Ainda segundo o voluntário, dias antes de morrer, o arcebispo disse que sua maior preocupação era que um dia sua alma "fosse embora e que seu corpo resistisse". O corpo de d. Hélder será velado na igreja das Fronteiras e enterrado hoje na igreja da Sé, em Olinda. O enterro está marcado para as 17h.
A morte de dom Hélder acontece menos de uma semana após ter tido alta depois de uma internação causada por uma infecção.

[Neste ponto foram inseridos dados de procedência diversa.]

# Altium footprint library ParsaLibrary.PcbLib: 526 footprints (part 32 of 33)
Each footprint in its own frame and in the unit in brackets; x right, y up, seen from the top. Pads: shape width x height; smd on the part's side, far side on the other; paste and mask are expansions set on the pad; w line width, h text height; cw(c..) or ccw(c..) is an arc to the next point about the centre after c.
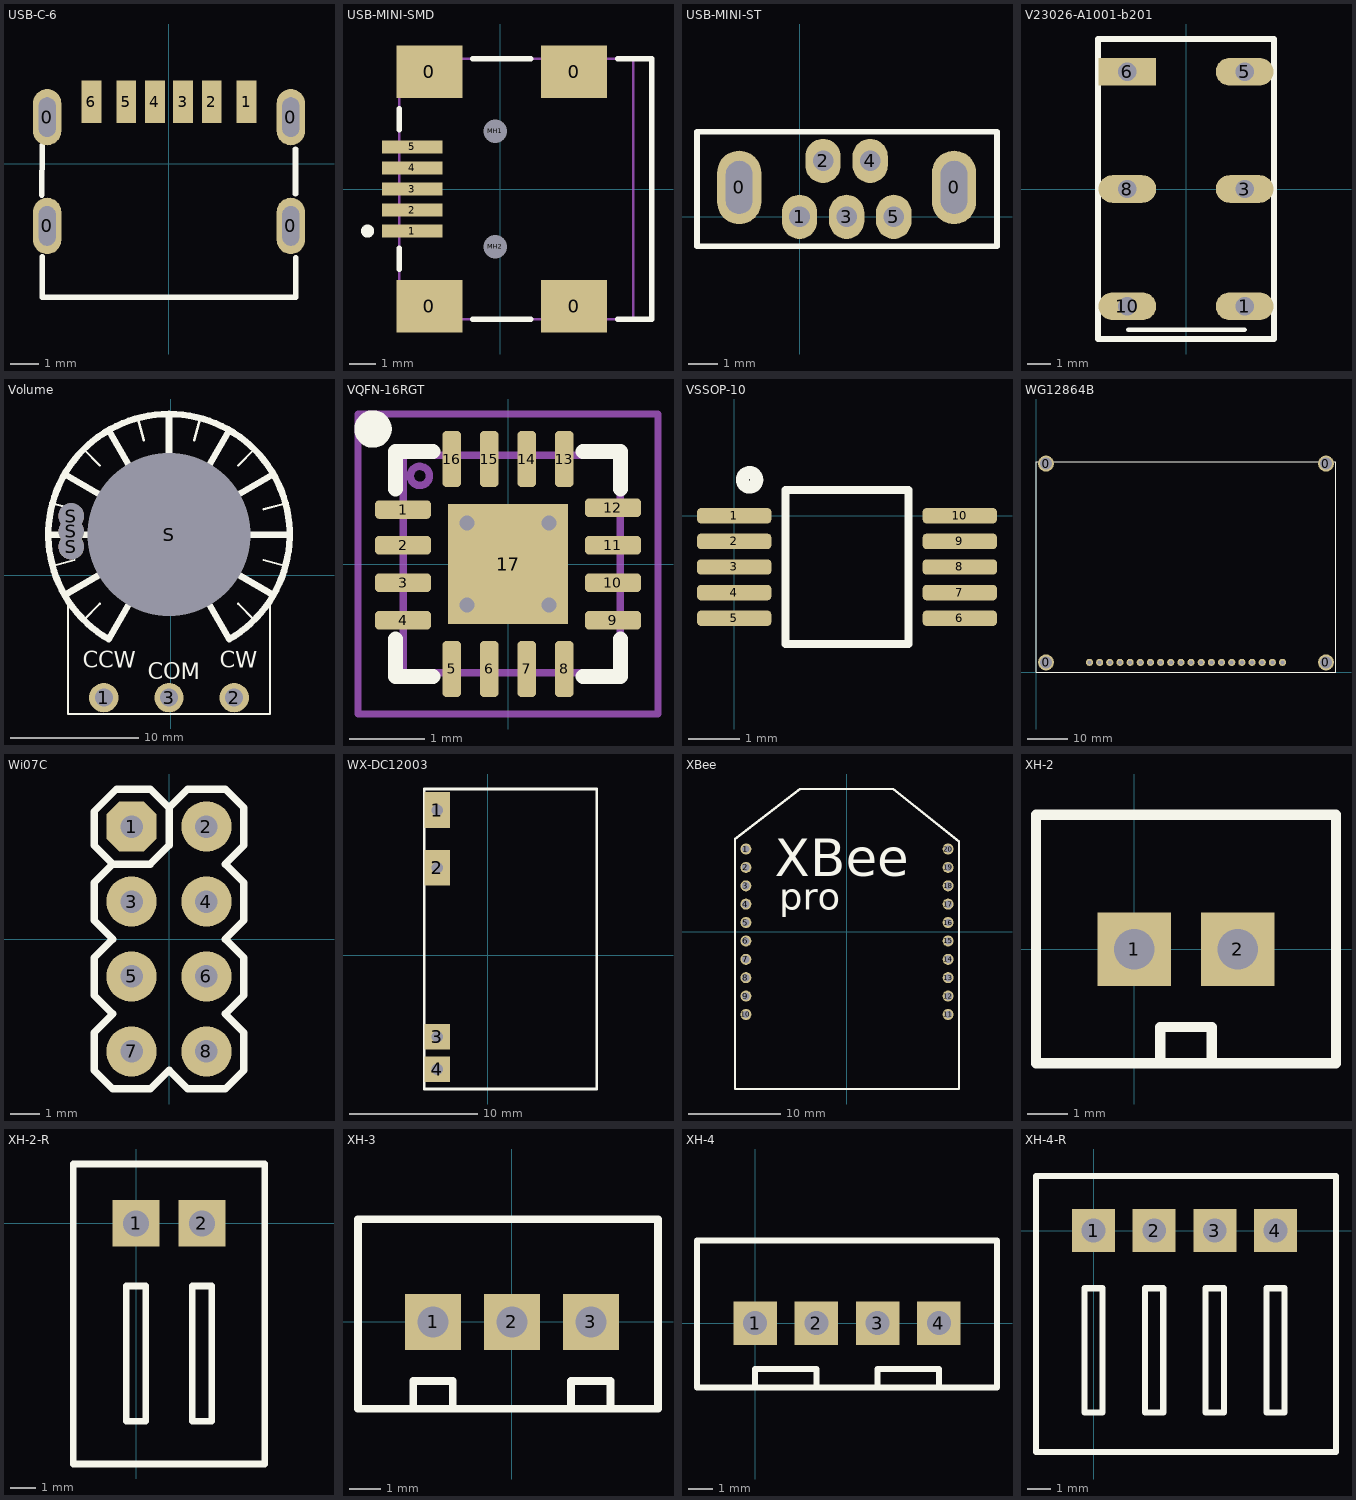
[diagram p31: the footprints below, top view; thin cyan lines are the x and y axes]

## USB-C-6 [mm]
pads (10):
  oval 1x2 hole 0.6 slot 1.4 at 90 deg: 0(-4.32,-2.2) 0(-4.32,1.66) 0(4.32,-2.2) 0(4.32,1.66)
  rect 0.7x1.5 smd: 1(2.75,2.2) 2(1.52,2.2) 3(0.5,2.2) 4(-0.5,2.2) 5(-1.52,2.2) 6(-2.75,2.2)
Top Overlay:
  lines w0.2: -4.519,-1.101 -4.5,0.664 ; -4.5,-3.299 -4.5,-4.73 4.5,-4.73 4.5,-3.323 ; 4.488,-1.058 4.488,0.52
3D body "User Library-USB_Type_C_6pin.step": height 3.26, standoff -0.96, extent -4.482,-4.786 4.458,2.014

## USB-MINI-SMD [mm]
pads (11):
  rect 2.5x2 smd: 0(-2.7,-4.45) 0(-2.7,4.45) 0(2.8,-4.45) 0(2.8,4.45)
  rect 2.3x0.5 smd: 1(-3.35,-1.6) 2(-3.35,-0.8) 3(-3.35,0) 4(-3.35,0.8) 5(-3.35,1.6)
  round 0.6 hole 0.9 unplated: MH1(-0.2,2.2) MH2(-0.2,-2.2)
Top Overlay:
  circle w0.25: c-5.05,-1.6 r0.125
  lines w0.2: -3.85,-3.05 -3.85,-2.25 ; -3.85,2.25 -3.85,3.05 ; -1.05,-4.95 1.15,-4.95 ; -1.05,4.95 1.15,4.95 ; 4.45,-4.95 5.75,-4.95 5.75,4.95 4.45,4.95
Mechanical 1:
  lines w0.1: 5.05,-4.95 5.05,4.95
  text "PCB Edge" at 5.482,-4.036 h0.25
Mechanical 13:
  lines w0.1: -3.85,-4.95 -3.85,4.95 5.75,4.95 5.75,-4.95 -3.85,-4.95
3D body "usb_a-usb_b-m5-smd-c.STEP": height 3.93, standoff -1, extent -3.5,-5.05 5.75,4.85

## USB-MINI-ST [mm]
pads (7):
  oval 1.5x2.5 hole 1.8 slot 0.9 at 0 deg: 0(-2.05,1) 0(5.25,1)
  oval 1.2x1.5 hole 0.7: 1(0,0) 2(0.8,1.9) 3(1.6,0) 4(2.4,1.9) 5(3.2,0)
Top Overlay:
  circle w0.25: c-0.036,-0.353 r0.125
  lines w0.2: 6.697,2.889 -3.483,2.889 -3.483,-0.998 6.708,-0.998 6.708,2.889
Mechanical 13:
  lines w0.1: -3.483,-0.998 6.417,-0.998
3D body "usb_a-usb_b-m5-top.stp": height 9.5, standoff -2.65, extent -3.5,-1.008 6.7,2.893

## V23026-A1001-b201 [mm]
pads (6):
  oval 2.5x1.2 hole 0.8: 1(2.54,-5.08) 3(2.54,0) 5(2.54,5.08) 8(-2.54,0) 10(-2.54,-5.08)
  rect 2.5x1.2 hole 0.8: 6(-2.54,5.08)
Top Overlay:
  lines w0.2: -2.5,-6.1 2.533,-6.093
  lines w0.254: -3.81,-6.5 3.81,-6.5 3.81,6.5 -3.81,6.5 -3.81,-6.5
3D body: height 6.9, standoff 0, extent -3.81,-6.5 3.81,6.5
3D body: height -1, standoff -3, extent 2.33,-5.35 2.83,-4.85
3D body: height -1, standoff -3, extent 2.33,-0.27 2.83,0.23
3D body: height -1, standoff -3, extent 2.29,4.83 2.79,5.33
3D body: height -1, standoff -3, extent -2.75,4.81 -2.25,5.31
3D body: height -1, standoff -3, extent -2.75,-0.27 -2.25,0.23
3D body: height -1, standoff -3, extent -2.75,-5.35 -2.25,-4.85

## Volume [mil]
pads (7):
  round 90 hole 55: 1(-205,-375) 2(195,-375) 3(-5,-375)
  round 78.74 hole 78.74: S(-305,88) S(-305,135) S(-305,182)
  round 492.13 hole 500: S(-5,125)
Top Overlay:
  lines w7: -362.39,29.24 -294.78,47.35 ; -362.39,220.76 -294.78,202.65 ; -315,-75 -315,-425 305,-425 305,-75 ; -266.63,-136.63 -217.13,-87.13 ; -266.63,386.63 -217.13,337.13 ; -100.76,482.39 -82.65,414.78 ; 72.65,414.78 90.76,482.39 ; 207.13,-87.13 256.63,-136.63 ; 207.13,337.13 256.63,386.63 ; 284.78,47.35 352.39,29.24 ; 284.78,202.65 352.39,220.76
  lines w20: -375,125 -255,125 ; -325.43,-60 -221.51,0 ; -325.43,310 -221.51,250 ; -190,445.43 -130,341.51 ; -130,-91.51 -190,-195.43 cw(c-5,125) 180,-195.43 120,-91.51 ; -5,375 -5,495 ; 120,341.51 180,445.43 ; 211.51,0 315.43,-60 ; 211.51,250 315.43,310 ; 245,125 365,125
  text "COM" at -70,-318 h50
  text "CW" at 150,-283 h50
  text "CCW" at -269,-283 h50
3D body "POT.STEP": height 268.74, standoff -737.48, extent -315,-536 305,433.35
3D body "volome cover2.STEP": height 846.46, standoff 59.06, extent -277.62,-200.03 319.63,473.63

## VQFN-16RGT [mm]
pads (17):
  rrect50% 0.75x0.25 smd: 1(-1.4,0.725) 2(-1.4,0.25) 3(-1.4,-0.25) 4(-1.4,-0.75) 9(1.4,-0.75) 10(1.4,-0.25) 11(1.4,0.25) 12(1.4,0.75)
  rrect50% 0.25x0.75 smd: 5(-0.75,-1.4) 6(-0.25,-1.4) 7(0.25,-1.4) 8(0.75,-1.4) 13(0.75,1.4) 14(0.25,1.4) 15(-0.25,1.4) 16(-0.75,1.4)
  rect 1.6x1.6 smd: 17(0,0)
via -0.55,0.55 diameter 0.5 hole 0.2
via 0.55,0.55 diameter 0.5 hole 0.2
via -0.55,-0.55 diameter 0.5 hole 0.2
via 0.55,-0.55 diameter 0.5 hole 0.2
Top Overlay:
  circle w0.25: c-1.8,1.8 r0.125
  lines w0.2: -1.5,-1 -1.5,-1.5 -1,-1.5 ; -1.5,1 -1.5,1.5 -1,1.5 ; 1,-1.5 1.5,-1.5 1.5,-1 ; 1,1.5 1.5,1.5 1.5,1
Mechanical 13:
  circle w0.1: c-1.175,1.175 r0.127
  lines w0.1: -1.4,-1.45 -1.4,1.45 1.5,1.45 1.5,-1.45 -1.4,-1.45
Mechanical 15:
  lines w0.1: -0.5,0 0.5,0 ; 0,-0.5 0,0.5 ; -2,-2 -2,2 2,2 2,-2 -2,-2
3D body "User Library-QFN-16_3x3.STEP": height 0.9, standoff 0, extent -1.549,-1.521 1.493,1.521

## VSSOP-10 [mm]
pads (10):
  rrect50% 1.45x0.3 smd: 1(0,0) 2(0,-0.5) 3(0,-1) 4(0,-1.5) 5(0,-2) 6(4.4,-2) 7(4.4,-1.5) 8(4.4,-1) 9(4.4,-0.5) 10(4.4,0)
Top Overlay:
  circle w0.254: c0.3,0.7 r0.141
  lines w0.15: 1,-2.5 1,0.5 3.4,0.5 3.4,-2.5 1,-2.5
3D body "User Library-DGS0010A.STEP": height 1.1, standoff 0, extent -0.262,-2.5 4.663,0.5

## WG12864B [mm]
pads (24):
  round 4 hole 3: 0(2.5,52.2) 0(2.5,2.5) 0(72.5,52.2) 0(72.5,2.5)
  round 1.8 hole 1: 1(13.37,2.5) 2(15.91,2.5) 3(18.45,2.5) 4(20.99,2.5) 5(23.53,2.5) 6(26.07,2.5) 7(28.61,2.5) 8(31.15,2.5) 9(33.69,2.5) 10(36.23,2.5) 11(38.77,2.5) 12(41.31,2.5) 13(43.85,2.5) 14(46.39,2.5) 15(48.93,2.5) 16(51.47,2.5) 17(54.01,2.5) 18(56.55,2.5) 19(59.09,2.5) 20(61.63,2.5)
Top Overlay:
  lines w0.254: 0,0 0,52.7 75,52.7 75,0 0,0
3D body "wg12864.STEP": height 14.67, standoff 6.27, extent -0.1,-0.1 74.9,52.6

## Wi07C [mm] "ESP8266 MODULE"
pads (8):
  oct 1.7x1.7 hole 0.762: 1(-1.27,3.81)
  round 1.7 hole 0.762: 2(1.27,3.81) 3(-1.27,1.27) 4(1.27,1.27) 5(-1.27,-1.27) 6(1.27,-1.27) 7(-1.27,-3.81) 8(1.27,-3.81)
Top Overlay:
  lines w0.254: -1.905,2.54 -2.54,3.175 -2.54,4.318 -1.778,5.08 -0.635,5.08 0,4.445 ; -1.905,2.54 -2.54,1.905 -2.54,1.27 -2.54,0.635 -1.905,0 -2.54,-0.635 -2.54,-1.27 -2.54,-1.905 -1.905,-2.54 -2.54,-3.175 -2.54,-3.81 -2.54,-4.445 -1.905,-5.08 -0.635,-5.08 0,-4.445 0.635,-5.08 1.905,-5.08 2.54,-4.445 2.54,-3.175 1.905,-2.54 2.54,-1.905 2.54,-0.635 1.905,0 2.54,0.635 2.54,1.905 1.905,2.54 2.54,3.175 2.54,4.445 1.905,5.08 0.635,5.08 0,4.445 ; -1.905,2.54 -0.635,2.54 0,3.175 0,4.445
3D body "User Library-Wi07C.step": height 10.88, standoff -0.8, extent -2.794,-7.25 22.006,7.25

## WX-DC12003 [mm]
pads (4):
  rect 2x2.8 hole 0.9: 1(-3.948,11.339) 2(-3.948,6.839)
  rect 2x2 hole 0.9: 3(-3.948,-6.361) 4(-3.948,-8.911)
Top Overlay:
  lines w0.2: -4.973,-10.461 8.507,-10.461 8.507,12.989 -4.973,12.989 -4.973,-10.461
3D body "User Library-WX DC.step": height 18.55, standoff 0.4, extent -4.973,-10.486 8.517,13.014

## XBee [mm]
pads (20):
  round 1.2 hole 0.8: 1(-11,9) 2(-11,7) 3(-11,5) 4(-11,3) 5(-11,1) 6(-11,-1) 7(-11,-3) 8(-11,-5) 9(-11,-7) 10(-11,-9) 11(11,-9) 12(11,-7) 13(11,-5) 14(11,-3) 15(11,-1) 16(11,1) 17(11,3) 18(11,5) 19(11,7) 20(11,9)
Top Overlay:
  lines w0.254: -12.19,-17.11 12.19,-17.11 12.19,9.3 12.19,9.813 5.05,15.53 -5.115,15.53 -12.19,10.109 -12.19,9.3 -12.19,-17.11
  text "XBee" at -7.874,4.699 h7
  text "pro" at -7.366,1.397 h5
3D body "User Library-XBP24BZ7SIT-004-radio.step": height 8.96, standoff -0.92, extent -12.192,-16.129 12.192,31.242

## XH-2 [mm]
pads (2):
  rect 1.8x1.8 hole 1: 1(0,0) 2(2.54,0)
Top Overlay:
  lines w0.254: 0.635,-2.794 0.635,-1.905 1.905,-1.905 1.905,-2.794 ; -2.413,-2.794 4.953,-2.794 4.953,3.302 -2.413,3.302 -2.413,-2.794
3D body "User Library-XH-A-1 (2).step": height 7, standoff -3.4, extent -2.43,-2.798 4.97,3.302

## XH-2-R [mm]
pads (2):
  rect 1.8x1.8 hole 1: 1(0,0) 2(2.54,0)
Top Overlay:
  lines w0.254: -2.413,-9.271 4.953,-9.271 4.953,2.286 -2.413,2.286 -2.413,-9.271 ; -0.381,-7.62 0.381,-7.62 0.381,-2.413 -0.381,-2.413 -0.381,-7.62 ; 2.159,-7.62 2.159,-2.413 2.921,-2.413 2.921,-7.62 2.159,-7.62
3D body "User Library-S XH-A2.step": height 6.1, standoff -2, extent -2.43,-9.271 4.97,2.229

## XH-3 [mm]
pads (3):
  rect 1.8x1.8 hole 1: 1(-2.54,0) 2(0,0) 3(2.54,0)
Top Overlay:
  lines w0.254: -3.175,-2.794 -3.175,-1.905 -1.905,-1.905 -1.905,-2.794 ; 1.905,-2.794 1.905,-1.905 3.175,-1.905 3.175,-2.794 ; -4.953,-2.794 -4.953,3.302 4.699,3.302 4.699,-2.794 -4.953,-2.794
3D body "User Library-XH-A-1.step": height 7, standoff -3.4, extent -4.95,-2.794 4.95,3.306

## XH-4 [mm]
pads (4):
  rect 1.8x1.8 hole 1: 1(0,0) 2(2.54,0) 3(5.08,0) 4(7.62,0)
Top Overlay:
  lines w0.254: 0,-2.667 0,-1.905 2.54,-1.905 2.54,-2.667 ; 5.08,-2.667 5.08,-1.905 7.62,-1.905 7.62,-2.667 ; -2.413,-2.667 -2.413,3.429 10.033,3.429 10.033,-2.667 -2.413,-2.667
3D body "User Library-XH-A-1 (4).step": height 7, standoff -3.4, extent -2.39,-2.667 10.01,3.433

## XH-4-R [mm]
pads (4):
  rect 1.8x1.8 hole 1: 1(0,0) 2(2.54,0) 3(5.08,0) 4(7.62,0)
Top Overlay:
  lines w0.254: -2.413,-9.271 10.16,-9.271 10.16,2.286 -2.413,2.286 -2.413,-9.271 ; -0.381,-7.62 0.381,-7.62 0.381,-2.413 -0.381,-2.413 -0.381,-7.62 ; 2.159,-7.62 2.159,-2.413 2.921,-2.413 2.921,-7.62 2.159,-7.62 ; 4.699,-7.62 4.699,-2.413 5.461,-2.413 5.461,-7.62 4.699,-7.62 ; 7.239,-7.62 7.239,-2.413 8.001,-2.413 8.001,-7.62 7.239,-7.62
3D body "User Library-S XH-A4.step": height 6.1, standoff -2, extent -2.413,-9.144 9.987,2.356

O mais importante líder da Igreja Católica brasileira na história, o arcebispo havia sido internado em 18 de agosto no hospital Português, um dos principais de Recife com infecção urinária. Foi submetido a exames de sangue, raios-X e ultrassom.
Após ser medicado, recuperou-se rapidamente. No dia seguinte, o médico Ricardo Lima, que cuidava do religioso, disse que ele passava bem.
Quando recebeu alta, no dia 21, já não apresentava mais sinais da infecção. Ainda assim, manteria por mais alguns dias o tratamento com antibióticos.
D. Hélder fundou, em 1952, a CNBB (Conferência Nacional dos Bispos do Brasil), primeira entidade do mundo a reunir bispos de um país. Esse tipo de organização só passou a ser recomendado pela Igreja Católica depois do Concílio Vaticano 2º (1962-1965), que renovou as práticas da igreja.
Nascido em 7 de fevereiro de 1909, ordenou-se padre em 1931. Nesse mesmo ano, organiza a Juventude Operária Cristã, ligada à LCT (Legião Cearense do Trabalho), organização inspirada no salazarismo. Em 1932, torna-se dirigente da LCT, que passa a fazer parte da Ação Integralista Brasileira, organização fascista.
Quando se mudou para o Rio de Janeiro, na metade dos anos 30, foi convidado pelos superiores a abandonar as atividades políticas, que retomaria nos anos 60.
Nomeado arcebispo de Olinda e Recife em abril de 1964, foi acusado de comunista por suas denúncias de violação de direitos humanos no regime militar e por seus trabalhos com movimentos populares -criou as Comunidades Eclesiais de Base.
Por sua postura e seu prestígio internacional, d. Hélder tornou-se o inimigo número um do regime, que chegou a proibir qualquer menção a seu nome nos meios de comunicação.
Nos início dos anos 70, o governo Emílio Médici (1969-74) moveu, por meio da Embaixada do Brasil em Oslo (Noruega), uma campanha secreta contra a candidatura de dom Hélder ao Prêmio Nobel da Paz.
A revelação está contida no livro "Dom Hélder Câmara - Entre o Poder e a Profecia", de Nelson Piletti e Walter Praxedes, de 1997.
Sua atividade pública tinha sido bastante reduzida nos últimos anos. Por recomendação médica, evitava falar sobre temas polêmicos. Mantinha-se recluso a maior parte do tempo, mas ainda comparecia a eventos públicos.